# 30.4: Enforcing Boundary Conditions

By enforcing boundary conditions, such as those depicted in the system below, [K] becomes invertible (non-singular) and we can solve for the reaction force F1 and the unknown displacements u2 and u3, for known (applied) F2 and F3.

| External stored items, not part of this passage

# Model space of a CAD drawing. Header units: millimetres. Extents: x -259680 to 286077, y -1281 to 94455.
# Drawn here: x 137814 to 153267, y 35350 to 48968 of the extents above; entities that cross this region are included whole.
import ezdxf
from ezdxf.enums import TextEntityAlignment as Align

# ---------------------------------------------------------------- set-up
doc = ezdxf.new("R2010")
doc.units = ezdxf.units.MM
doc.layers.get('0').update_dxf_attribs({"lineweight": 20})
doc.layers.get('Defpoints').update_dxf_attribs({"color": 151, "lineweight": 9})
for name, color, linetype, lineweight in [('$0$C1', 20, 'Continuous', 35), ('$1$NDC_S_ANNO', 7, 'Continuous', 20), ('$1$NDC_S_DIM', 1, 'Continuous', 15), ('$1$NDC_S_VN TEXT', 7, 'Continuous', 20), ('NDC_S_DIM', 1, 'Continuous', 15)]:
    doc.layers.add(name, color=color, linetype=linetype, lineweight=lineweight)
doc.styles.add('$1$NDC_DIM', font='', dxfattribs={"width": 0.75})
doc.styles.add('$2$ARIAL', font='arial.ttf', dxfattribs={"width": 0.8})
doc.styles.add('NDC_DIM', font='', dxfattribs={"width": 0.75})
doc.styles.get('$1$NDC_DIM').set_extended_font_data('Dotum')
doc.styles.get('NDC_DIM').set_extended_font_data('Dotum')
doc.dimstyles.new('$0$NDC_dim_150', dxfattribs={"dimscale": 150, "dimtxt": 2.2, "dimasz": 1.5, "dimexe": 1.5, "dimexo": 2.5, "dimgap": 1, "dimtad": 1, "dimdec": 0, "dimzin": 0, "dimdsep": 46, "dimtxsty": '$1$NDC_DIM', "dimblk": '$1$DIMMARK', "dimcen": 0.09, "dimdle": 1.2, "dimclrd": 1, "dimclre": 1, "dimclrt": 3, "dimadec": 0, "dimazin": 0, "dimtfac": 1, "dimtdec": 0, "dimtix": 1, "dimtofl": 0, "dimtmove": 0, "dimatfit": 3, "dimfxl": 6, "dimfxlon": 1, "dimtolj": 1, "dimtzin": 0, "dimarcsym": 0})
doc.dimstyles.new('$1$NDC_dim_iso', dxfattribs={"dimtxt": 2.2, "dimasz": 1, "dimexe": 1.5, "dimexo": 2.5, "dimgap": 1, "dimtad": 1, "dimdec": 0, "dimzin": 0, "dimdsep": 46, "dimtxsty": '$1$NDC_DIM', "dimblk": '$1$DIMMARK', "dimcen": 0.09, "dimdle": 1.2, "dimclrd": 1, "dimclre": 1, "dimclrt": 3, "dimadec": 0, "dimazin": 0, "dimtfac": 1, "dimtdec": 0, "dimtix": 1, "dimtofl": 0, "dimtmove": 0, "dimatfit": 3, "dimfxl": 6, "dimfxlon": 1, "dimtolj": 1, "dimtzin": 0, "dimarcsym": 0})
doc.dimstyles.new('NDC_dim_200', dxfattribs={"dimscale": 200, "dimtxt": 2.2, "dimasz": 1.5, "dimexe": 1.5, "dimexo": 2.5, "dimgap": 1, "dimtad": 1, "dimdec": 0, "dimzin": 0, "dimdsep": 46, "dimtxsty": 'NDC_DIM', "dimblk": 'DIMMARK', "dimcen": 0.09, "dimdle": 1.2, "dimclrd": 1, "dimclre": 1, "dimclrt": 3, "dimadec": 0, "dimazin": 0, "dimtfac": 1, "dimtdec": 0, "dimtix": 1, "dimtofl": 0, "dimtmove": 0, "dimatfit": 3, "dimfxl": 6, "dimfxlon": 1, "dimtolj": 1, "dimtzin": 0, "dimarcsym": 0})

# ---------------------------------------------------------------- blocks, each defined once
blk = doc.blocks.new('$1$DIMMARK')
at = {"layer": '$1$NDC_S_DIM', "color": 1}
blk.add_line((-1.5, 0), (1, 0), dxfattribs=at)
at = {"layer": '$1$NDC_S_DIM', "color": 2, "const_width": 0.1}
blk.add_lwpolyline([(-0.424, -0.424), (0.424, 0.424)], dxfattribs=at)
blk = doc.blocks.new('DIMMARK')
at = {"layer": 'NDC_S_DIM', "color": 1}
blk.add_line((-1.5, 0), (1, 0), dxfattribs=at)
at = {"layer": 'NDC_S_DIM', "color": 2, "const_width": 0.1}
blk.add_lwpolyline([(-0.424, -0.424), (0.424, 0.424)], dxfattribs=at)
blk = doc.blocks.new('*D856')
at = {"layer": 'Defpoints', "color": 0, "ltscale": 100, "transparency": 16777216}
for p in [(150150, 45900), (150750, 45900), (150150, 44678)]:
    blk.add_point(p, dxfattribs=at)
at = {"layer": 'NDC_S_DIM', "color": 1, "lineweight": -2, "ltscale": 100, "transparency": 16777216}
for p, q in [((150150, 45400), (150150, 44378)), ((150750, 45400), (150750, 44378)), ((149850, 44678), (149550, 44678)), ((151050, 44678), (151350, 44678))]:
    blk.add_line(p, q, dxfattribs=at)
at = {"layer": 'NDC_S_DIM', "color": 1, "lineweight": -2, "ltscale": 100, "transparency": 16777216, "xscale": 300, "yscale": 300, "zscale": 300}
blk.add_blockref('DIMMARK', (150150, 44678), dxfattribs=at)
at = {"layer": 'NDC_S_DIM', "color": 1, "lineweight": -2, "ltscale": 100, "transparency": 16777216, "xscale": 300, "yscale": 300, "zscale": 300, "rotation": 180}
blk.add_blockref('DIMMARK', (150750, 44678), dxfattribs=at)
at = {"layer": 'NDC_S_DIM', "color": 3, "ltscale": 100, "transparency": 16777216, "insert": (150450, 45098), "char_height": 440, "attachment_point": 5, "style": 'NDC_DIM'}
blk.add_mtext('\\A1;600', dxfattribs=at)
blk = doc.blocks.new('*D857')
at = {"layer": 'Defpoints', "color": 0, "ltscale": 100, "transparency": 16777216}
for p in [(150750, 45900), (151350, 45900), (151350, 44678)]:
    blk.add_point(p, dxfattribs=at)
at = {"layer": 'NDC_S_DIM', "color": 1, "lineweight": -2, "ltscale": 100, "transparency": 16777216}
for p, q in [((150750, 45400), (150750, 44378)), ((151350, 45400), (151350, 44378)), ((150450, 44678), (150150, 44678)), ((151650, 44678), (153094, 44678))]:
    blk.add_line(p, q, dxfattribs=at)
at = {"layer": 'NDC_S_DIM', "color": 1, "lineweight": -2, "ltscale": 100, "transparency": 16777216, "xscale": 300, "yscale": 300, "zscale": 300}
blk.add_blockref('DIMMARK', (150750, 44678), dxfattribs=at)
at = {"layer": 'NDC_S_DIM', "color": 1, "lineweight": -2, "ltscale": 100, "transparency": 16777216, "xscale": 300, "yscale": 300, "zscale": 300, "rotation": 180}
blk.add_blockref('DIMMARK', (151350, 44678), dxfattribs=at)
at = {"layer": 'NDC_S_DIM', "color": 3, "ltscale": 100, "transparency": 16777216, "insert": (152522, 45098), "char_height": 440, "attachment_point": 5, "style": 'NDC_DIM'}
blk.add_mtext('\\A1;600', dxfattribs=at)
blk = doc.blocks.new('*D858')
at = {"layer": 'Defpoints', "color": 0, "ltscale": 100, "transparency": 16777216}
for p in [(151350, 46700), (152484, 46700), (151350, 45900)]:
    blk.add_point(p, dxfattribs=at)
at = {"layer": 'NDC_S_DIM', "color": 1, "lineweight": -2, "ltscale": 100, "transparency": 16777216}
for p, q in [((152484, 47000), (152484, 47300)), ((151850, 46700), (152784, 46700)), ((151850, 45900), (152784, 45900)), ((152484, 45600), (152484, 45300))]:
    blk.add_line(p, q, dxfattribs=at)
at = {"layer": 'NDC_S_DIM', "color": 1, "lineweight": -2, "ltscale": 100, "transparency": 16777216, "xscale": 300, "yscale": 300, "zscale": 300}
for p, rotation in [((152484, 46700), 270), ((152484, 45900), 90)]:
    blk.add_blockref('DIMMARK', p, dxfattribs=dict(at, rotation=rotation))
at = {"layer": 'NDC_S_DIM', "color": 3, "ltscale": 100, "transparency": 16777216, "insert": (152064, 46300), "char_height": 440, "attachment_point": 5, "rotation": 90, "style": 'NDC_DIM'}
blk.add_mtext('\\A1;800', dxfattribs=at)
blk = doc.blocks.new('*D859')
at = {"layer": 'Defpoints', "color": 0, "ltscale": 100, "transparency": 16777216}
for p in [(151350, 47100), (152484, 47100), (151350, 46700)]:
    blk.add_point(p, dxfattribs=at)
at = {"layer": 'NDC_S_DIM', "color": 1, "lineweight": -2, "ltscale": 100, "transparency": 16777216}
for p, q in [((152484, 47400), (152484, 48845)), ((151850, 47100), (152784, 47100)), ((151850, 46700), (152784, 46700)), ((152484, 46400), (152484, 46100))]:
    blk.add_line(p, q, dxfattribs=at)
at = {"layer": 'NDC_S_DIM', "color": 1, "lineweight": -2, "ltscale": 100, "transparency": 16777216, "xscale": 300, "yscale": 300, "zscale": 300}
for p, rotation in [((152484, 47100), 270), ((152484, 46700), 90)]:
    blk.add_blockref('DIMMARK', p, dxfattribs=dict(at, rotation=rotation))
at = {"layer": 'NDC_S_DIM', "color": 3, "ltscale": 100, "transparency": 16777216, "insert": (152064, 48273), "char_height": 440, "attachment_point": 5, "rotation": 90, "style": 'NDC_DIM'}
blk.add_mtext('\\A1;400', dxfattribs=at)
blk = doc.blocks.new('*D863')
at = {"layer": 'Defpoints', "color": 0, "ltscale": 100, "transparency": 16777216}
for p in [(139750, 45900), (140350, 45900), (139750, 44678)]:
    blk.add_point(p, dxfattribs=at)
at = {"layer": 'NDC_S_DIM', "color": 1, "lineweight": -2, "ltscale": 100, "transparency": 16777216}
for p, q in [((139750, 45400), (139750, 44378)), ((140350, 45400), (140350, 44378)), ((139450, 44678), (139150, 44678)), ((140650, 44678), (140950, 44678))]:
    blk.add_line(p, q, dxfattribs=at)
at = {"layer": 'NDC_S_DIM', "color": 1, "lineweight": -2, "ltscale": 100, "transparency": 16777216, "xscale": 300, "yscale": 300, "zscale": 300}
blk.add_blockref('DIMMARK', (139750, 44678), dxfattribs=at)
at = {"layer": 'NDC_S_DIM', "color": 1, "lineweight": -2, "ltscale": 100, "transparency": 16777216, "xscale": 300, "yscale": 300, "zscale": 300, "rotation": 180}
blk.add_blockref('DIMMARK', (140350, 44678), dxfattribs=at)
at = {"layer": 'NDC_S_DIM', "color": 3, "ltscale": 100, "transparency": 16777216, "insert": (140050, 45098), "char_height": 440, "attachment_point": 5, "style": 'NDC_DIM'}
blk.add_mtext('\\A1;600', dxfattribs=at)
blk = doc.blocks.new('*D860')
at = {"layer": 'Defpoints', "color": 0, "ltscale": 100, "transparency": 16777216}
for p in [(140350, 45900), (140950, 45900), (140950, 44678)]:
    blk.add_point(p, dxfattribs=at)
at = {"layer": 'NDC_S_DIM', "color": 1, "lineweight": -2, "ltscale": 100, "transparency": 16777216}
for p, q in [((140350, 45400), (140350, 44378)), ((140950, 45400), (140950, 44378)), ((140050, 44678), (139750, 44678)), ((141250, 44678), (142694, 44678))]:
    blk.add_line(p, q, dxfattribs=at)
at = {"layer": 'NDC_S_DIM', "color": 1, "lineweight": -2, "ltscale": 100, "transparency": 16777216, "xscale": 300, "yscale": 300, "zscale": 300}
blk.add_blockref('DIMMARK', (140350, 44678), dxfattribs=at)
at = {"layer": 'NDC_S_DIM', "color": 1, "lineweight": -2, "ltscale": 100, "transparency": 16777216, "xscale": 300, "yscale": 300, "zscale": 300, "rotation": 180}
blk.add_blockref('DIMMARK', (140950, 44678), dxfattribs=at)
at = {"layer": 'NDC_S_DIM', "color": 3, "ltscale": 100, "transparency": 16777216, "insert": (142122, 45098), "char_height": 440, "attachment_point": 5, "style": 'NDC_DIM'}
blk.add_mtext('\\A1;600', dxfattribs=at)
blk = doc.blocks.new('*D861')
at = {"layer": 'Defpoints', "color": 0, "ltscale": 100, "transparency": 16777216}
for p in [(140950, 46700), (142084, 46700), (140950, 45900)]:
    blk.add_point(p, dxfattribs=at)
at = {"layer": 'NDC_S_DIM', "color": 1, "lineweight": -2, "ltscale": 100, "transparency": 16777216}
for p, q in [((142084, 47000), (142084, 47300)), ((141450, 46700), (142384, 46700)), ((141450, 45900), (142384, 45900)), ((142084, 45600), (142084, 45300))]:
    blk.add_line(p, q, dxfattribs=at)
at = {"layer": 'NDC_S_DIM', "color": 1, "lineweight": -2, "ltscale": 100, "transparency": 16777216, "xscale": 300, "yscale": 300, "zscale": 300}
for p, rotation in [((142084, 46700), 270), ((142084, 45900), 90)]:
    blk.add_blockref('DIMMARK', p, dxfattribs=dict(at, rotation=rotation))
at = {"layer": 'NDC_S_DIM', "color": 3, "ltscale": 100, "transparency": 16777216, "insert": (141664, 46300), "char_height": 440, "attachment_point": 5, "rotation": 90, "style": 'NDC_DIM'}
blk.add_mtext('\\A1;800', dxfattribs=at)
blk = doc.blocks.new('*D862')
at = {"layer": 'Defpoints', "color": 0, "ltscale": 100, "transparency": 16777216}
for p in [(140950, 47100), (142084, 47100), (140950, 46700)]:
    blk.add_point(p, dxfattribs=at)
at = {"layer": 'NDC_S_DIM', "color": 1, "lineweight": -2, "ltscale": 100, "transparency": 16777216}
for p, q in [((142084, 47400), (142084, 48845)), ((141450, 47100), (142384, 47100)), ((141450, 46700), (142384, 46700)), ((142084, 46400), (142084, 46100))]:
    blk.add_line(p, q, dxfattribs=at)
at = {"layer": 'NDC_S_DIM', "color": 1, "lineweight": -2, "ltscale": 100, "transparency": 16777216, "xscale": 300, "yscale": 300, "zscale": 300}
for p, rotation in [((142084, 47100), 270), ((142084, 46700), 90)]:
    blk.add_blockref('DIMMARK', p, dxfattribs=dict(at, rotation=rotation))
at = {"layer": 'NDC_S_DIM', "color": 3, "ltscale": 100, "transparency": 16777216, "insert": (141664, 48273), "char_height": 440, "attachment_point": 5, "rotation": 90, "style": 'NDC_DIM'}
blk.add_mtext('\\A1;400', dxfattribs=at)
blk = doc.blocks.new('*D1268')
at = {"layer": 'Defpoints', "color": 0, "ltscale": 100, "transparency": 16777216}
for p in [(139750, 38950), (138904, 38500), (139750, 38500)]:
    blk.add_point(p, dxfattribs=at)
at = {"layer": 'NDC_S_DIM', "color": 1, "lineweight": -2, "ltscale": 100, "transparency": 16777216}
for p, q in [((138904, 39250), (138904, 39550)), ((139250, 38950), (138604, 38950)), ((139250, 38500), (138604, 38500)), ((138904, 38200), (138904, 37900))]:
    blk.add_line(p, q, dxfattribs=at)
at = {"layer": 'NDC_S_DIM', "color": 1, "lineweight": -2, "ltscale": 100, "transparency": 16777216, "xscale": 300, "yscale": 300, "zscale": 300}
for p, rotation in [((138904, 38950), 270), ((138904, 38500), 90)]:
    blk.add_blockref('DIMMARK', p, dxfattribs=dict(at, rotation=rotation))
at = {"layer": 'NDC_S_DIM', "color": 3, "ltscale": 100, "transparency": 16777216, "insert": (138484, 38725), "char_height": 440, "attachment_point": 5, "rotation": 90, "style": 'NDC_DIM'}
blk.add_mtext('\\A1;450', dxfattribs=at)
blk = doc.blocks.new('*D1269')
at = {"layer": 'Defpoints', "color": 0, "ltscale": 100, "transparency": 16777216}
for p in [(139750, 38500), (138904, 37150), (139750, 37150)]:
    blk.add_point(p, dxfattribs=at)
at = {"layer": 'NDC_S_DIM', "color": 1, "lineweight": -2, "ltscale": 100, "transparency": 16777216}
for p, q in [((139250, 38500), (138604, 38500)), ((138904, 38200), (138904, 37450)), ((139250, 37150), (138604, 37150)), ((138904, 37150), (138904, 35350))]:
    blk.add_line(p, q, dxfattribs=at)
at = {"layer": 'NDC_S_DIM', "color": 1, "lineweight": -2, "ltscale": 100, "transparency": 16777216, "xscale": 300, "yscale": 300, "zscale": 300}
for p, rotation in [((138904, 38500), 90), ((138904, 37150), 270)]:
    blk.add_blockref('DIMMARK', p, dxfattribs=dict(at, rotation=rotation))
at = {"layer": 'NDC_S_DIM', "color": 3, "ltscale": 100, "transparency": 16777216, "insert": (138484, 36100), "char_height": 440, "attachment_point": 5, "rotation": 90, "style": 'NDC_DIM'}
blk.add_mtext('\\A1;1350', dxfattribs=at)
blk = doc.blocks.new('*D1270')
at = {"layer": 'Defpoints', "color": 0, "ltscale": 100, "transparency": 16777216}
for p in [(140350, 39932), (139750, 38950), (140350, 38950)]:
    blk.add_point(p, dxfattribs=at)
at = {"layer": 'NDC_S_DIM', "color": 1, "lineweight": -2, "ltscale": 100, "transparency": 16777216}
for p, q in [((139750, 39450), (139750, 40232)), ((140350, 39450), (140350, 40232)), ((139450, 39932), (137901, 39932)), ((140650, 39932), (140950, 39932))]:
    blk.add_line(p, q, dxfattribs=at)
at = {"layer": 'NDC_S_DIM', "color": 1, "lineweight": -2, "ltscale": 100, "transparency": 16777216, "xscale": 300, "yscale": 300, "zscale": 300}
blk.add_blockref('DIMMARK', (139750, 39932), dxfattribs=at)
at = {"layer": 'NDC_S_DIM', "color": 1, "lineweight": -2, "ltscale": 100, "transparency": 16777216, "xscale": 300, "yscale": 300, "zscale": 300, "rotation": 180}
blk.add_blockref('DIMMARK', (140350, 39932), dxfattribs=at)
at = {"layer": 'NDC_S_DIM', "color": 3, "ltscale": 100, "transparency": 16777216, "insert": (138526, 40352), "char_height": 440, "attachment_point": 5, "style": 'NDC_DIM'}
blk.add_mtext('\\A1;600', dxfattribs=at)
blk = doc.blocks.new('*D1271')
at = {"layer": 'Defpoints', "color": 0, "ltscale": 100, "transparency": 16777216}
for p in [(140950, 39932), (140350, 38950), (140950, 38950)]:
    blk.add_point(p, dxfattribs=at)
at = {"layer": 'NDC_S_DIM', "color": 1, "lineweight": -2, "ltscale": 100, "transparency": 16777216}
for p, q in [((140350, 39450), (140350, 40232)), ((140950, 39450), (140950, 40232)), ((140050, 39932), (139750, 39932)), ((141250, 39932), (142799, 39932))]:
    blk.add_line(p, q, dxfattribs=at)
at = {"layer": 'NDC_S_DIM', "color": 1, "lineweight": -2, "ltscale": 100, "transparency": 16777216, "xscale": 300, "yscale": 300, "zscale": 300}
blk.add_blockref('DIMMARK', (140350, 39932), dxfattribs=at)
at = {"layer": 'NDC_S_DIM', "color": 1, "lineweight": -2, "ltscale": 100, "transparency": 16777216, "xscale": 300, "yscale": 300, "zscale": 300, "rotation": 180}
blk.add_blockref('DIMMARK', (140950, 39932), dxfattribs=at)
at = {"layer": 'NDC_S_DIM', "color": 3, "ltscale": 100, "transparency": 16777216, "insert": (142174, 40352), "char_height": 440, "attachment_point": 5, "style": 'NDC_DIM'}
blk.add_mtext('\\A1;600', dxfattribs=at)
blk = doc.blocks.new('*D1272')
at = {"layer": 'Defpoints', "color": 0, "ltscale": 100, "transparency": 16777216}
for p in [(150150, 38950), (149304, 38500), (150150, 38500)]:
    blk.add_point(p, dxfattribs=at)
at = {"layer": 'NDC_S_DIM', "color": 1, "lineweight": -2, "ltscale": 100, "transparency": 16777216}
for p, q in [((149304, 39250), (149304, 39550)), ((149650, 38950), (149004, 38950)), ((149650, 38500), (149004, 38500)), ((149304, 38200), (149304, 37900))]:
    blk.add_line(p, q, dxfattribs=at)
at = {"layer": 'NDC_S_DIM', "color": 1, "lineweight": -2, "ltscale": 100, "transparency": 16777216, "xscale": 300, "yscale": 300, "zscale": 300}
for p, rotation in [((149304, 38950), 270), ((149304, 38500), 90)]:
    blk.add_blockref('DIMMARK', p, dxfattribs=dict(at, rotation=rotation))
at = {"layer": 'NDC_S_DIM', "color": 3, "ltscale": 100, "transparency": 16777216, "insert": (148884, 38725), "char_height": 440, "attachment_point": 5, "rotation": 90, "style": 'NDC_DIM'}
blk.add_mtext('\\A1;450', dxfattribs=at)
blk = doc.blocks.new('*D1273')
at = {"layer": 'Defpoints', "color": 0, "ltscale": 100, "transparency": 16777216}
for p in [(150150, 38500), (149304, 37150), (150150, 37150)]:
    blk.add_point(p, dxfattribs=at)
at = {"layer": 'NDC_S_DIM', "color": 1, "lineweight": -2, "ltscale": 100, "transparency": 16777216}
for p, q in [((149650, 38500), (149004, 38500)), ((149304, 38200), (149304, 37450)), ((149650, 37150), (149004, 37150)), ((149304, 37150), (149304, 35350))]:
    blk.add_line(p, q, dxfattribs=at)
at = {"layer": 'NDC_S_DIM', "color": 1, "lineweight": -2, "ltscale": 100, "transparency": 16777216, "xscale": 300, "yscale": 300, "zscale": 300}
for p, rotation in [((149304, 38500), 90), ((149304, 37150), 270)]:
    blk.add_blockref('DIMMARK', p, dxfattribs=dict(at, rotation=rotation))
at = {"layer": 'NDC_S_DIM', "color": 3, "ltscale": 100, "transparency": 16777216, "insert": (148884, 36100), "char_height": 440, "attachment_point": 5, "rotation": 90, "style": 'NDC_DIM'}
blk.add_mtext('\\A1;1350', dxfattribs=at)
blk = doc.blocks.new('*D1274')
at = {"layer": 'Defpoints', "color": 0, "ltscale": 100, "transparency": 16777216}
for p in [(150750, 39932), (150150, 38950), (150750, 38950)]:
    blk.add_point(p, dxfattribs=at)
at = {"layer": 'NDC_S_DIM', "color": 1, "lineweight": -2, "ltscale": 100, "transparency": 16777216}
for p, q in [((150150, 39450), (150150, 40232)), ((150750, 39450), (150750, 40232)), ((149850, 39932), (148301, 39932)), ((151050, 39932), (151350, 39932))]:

$[K] = \begin{bmatrix} k^1 + k^2 & -k^2\\ -k^2 & k^2 \end{bmatrix} = \begin{bmatrix} a & b\\ c & d \end{bmatrix}$

$det[K] = ad - cb$

$det[K] = (k^1 + k^2)k^2 - {k^2}^2 = k^1k^2 \neq 0$

Unique solutions for $$F_1$$, $$\begin{Bmatrix}u_2\end{Bmatrix}$$ and $$\begin{Bmatrix}u_3\end{Bmatrix}$$ can now be found

$k^1u_2 = F_1$

$(k^1+k^2)u_2 - k^2u_3 = F_2 = k^1u_2 + k^2u_2 - k^2u_3$

$-k^2u_2 + k^2u_3 = F_3$

In this instance we solved three equations for three unknowns. In problems of practical interest the order of $$[K]$$ is often very large and we can have thousands of unknowns. It then becomes impractical to solve for $$\begin{Bmatrix}u\end{Bmatrix}$$ by direct inversion of the global stiffness matrix. We can instead use Gauss elimination which is much more suitable for solving systems of linear equations with thousands of unknowns.

## Gauss Elimination

We have a system of equations

$x - 3y + z = 4$

$2x - 8y + 8z = -2$

$-6x + 3y -15z = 9$

We wish to create a matrix of the following form

$\begin{bmatrix}1 & -3 & 1 & 4 \\ 2 & -8 & 8 & -2 \\ -6 & 3 & -15 & 9 \end{bmatrix}$

$\begin{bmatrix}11 & 12 & 13 & 1 \\ 0 & 22 & 23 & 2 \\ 0 & 0 & 33 & 3 \end{bmatrix}$

Where the terms below the direct terms are zero. We need to eliminate some of the unknowns by solving the system of simultaneous equations. To eliminate x from row 2 (where R denotes the row)

-2(R1) + R2

$-2(x -3y +z) + (2x - 8y + 8z) = -10$

$-2y + 6z = -10$

so that

$\begin{bmatrix}1 & -3 & 1 & 4 \\ 0 & -2 & 6 & -10 \\ -6 & 3 & -15 & 9 \end{bmatrix}$

To eliminate x from row 3

6(R1) + R3

$6(x -3y +z) + (-6x - 3y - 15z) = 33$

$-15y - 9z = 33$

$\begin{bmatrix}1 & -3 & 1 & 4 \\ 0 & -2 & 6 & -10 \\ 0 & -15 & -9 & 33 \end{bmatrix}$

To eliminate y from row 2

R2/2

$-y + 3z = -5$

$\begin{bmatrix}1 & -3 & 1 & 4 \\ 0 & -1 & 3 & -5 \\ 0 & -15 & -9 & 33 \end{bmatrix}$

To eliminate y from row 3

R3/3

$-5y - 3z = -11$

$\begin{bmatrix}1 & -3 & 1 & 4 \\ 0 & -1 & 3 & -5 \\ 0 & -5 & -3 & 11 \end{bmatrix}$

And then

-5(R2) + R3

$-5(-y +3z) + (-5y - 3z) = 36$

$-18z = 36$

$\begin{bmatrix}1 & -3 & 1 & 4 \\ 0 & -1 & 3 & -5 \\ 0 & 0 & -18 & 36 \end{bmatrix}$

$-2 = z$

Substituting z = -2 back in to R2 gives y = -1

Substituting y = -1 and z = -2 back in to R1 gives x = 3

This process of progressively solving for the unknowns is called back substitution.